On some level, admittedly, I think I find it sickens me, but maybe this is only because it is a measure of poor citizenship on their part. We all have a duty to God as we do to ourselves, and between those two comes country. These lines were instilled in me in Scouting at an early age, and when I see contradictions in them I am easy to upset. I think that most of it stems from the fact that I am not a fit man, and obesity prevented me from joining up with the military. Service on a jury, then, is one of very few ways that I, as a citizen, can give back to the country that I love. People are so selfish when they try to make a country that only serves themselves; Democracy is a higher power that also deserves its homage and our own humility. That is how and why I serve.
Code by Night
The middle of my story always seems to be unique, but its beginning and its end are always the same. I am in my cubicle at work, papers full of little notes and anecdotes strewn about my desk, but my focus is instead upon the computer screen. A window is open in Roundtable containing several lines of code and I am tasked with tracking down the bug that haunts my reality. My problem is never syntax at this point in my career, as all my semicolons and periods are where they need to be. The plague is in the logic and what it's meant to do versus what it's actually doing.

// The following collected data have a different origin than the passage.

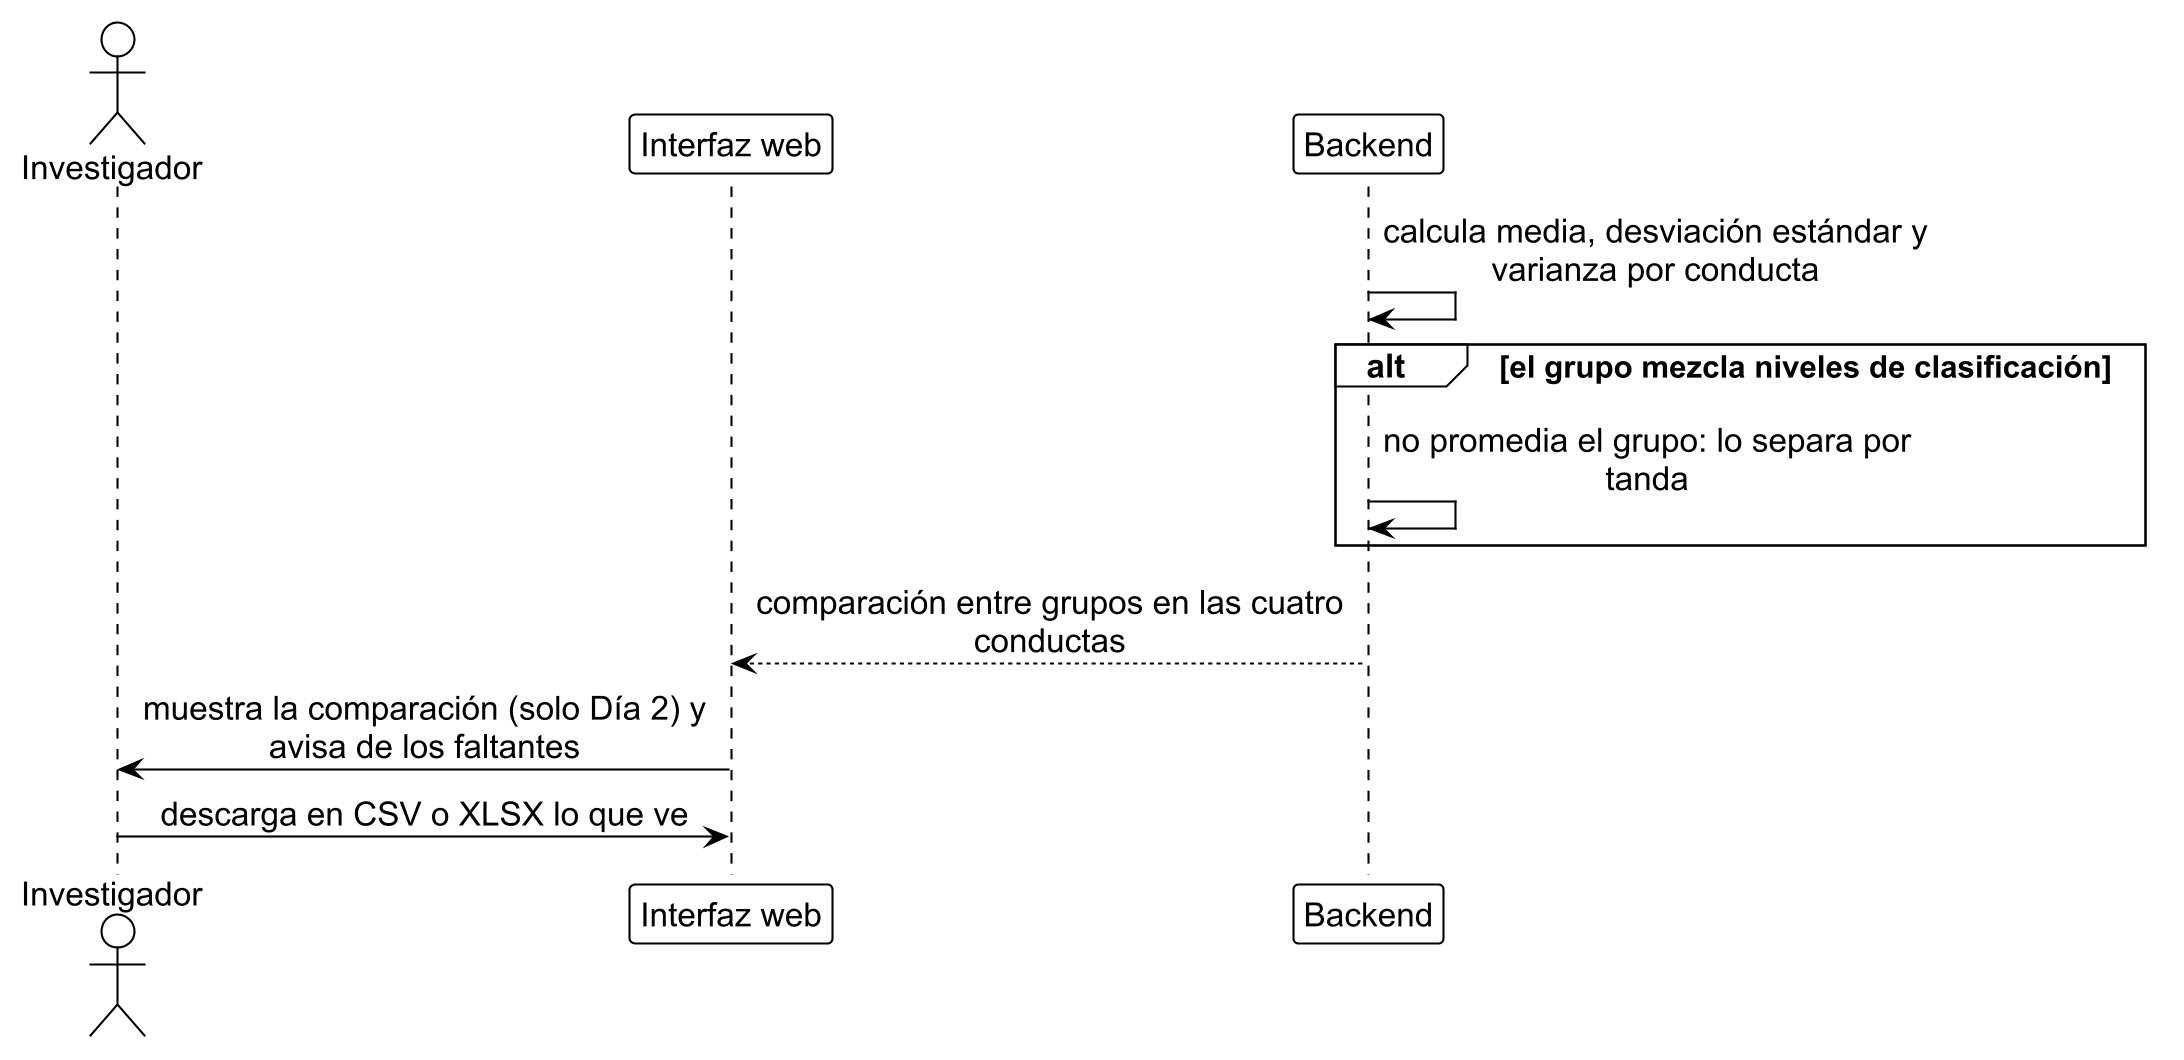

The diagram above was rendered by PlantUML. Its source (embedded in the PNG):
@startuml res_3
!include ../estilo_doc.iuml
skinparam dpi 200
actor Investigador as inv
participant "Interfaz web" as ui
participant Backend as api

api -> api: calcula media, desviación estándar y\nvarianza por conducta
alt el grupo mezcla niveles de clasificación
  api -> api: no promedia el grupo: lo separa por\ntanda
end
api --> ui: comparación entre grupos en las cuatro\nconductas
ui -> inv: muestra la comparación (solo Día 2) y\navisa de los faltantes
inv -> ui: descarga en CSV o XLSX lo que ve
@enduml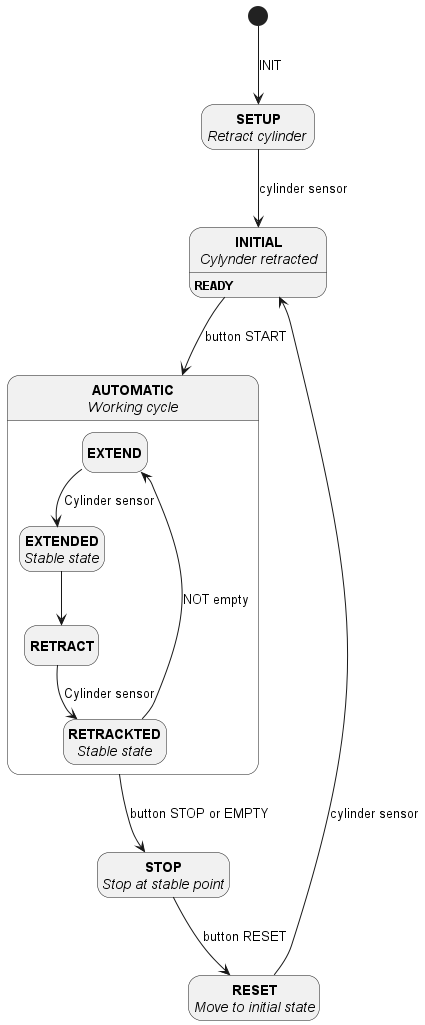

The diagram above was rendered by PlantUML. Its source (embedded in the PNG):
@startuml Magazine Unit 
hide empty description


[*] --> SETUP: INIT

State "<b>SETUP</b>\n<i>Retract cylinder </i>" as SETUP
State "<b>INITIAL</b>\n<i>Cylynder retracted</i>" as INITIAL
State "<b>AUTOMATIC</b>\n<i>Working cycle</i>" as AUTO
State "<b>STOP</b>\n<i>Stop at stable point</i>" as STOP
State "<b>RESET</b>\n<i>Move to initial state</i>" as RESET

SETUP-->INITIAL: cylinder sensor 
INITIAL-->AUTO: button START
AUTO-->STOP: button STOP or EMPTY
STOP-->RESET: button RESET
RESET --> INITIAL:cylinder sensor 



state INITIAL{
    INITIAL:<b>READY</b> 

}

state AUTO{
    State "<b>EXTEND</b>" as E
    State "<b>EXTENDED</b>\n<i>Stable state</i>" as ED
    State "<b>RETRACT</b>" as R
    State "<b>RETRACKTED</b>\n<i>Stable state</i>" as RD
    
    E-->ED: Cylinder sensor 
    ED --> R
    R-->RD: Cylinder sensor
    RD --> E: NOT empty
    

}  




@enduml

I always come close, and sometimes figure out the answer, but then I think it doesn't matter. "This isn't the real code," I think, "you've been dreaming all this time." When that realization hits it always wakes me up.
My Prose Says To Rhyme
The first time I attended a poetry slam the hosts slammed rhyming. As if the one thing that I prided myself in doing was diminutive! Lines of perfect syllables with every tail a rhyme seem too orderly and rhythmic and get stuck in a rut after several stanzas. Often rhyme in people's minds elicits Seuss and children's kinds, but they forget that Silverstein, though given first through children's shelves, also had some more mature works (I recall one about rolling joints I heard, but that might have been prose so never mind). Rhymes also place you in the realms of Frost and Poe and others who definitely are more mature, however, so I wonder where this comes from. In the end I am an orderly person and while I can live amidst the chaos I prefer my rules.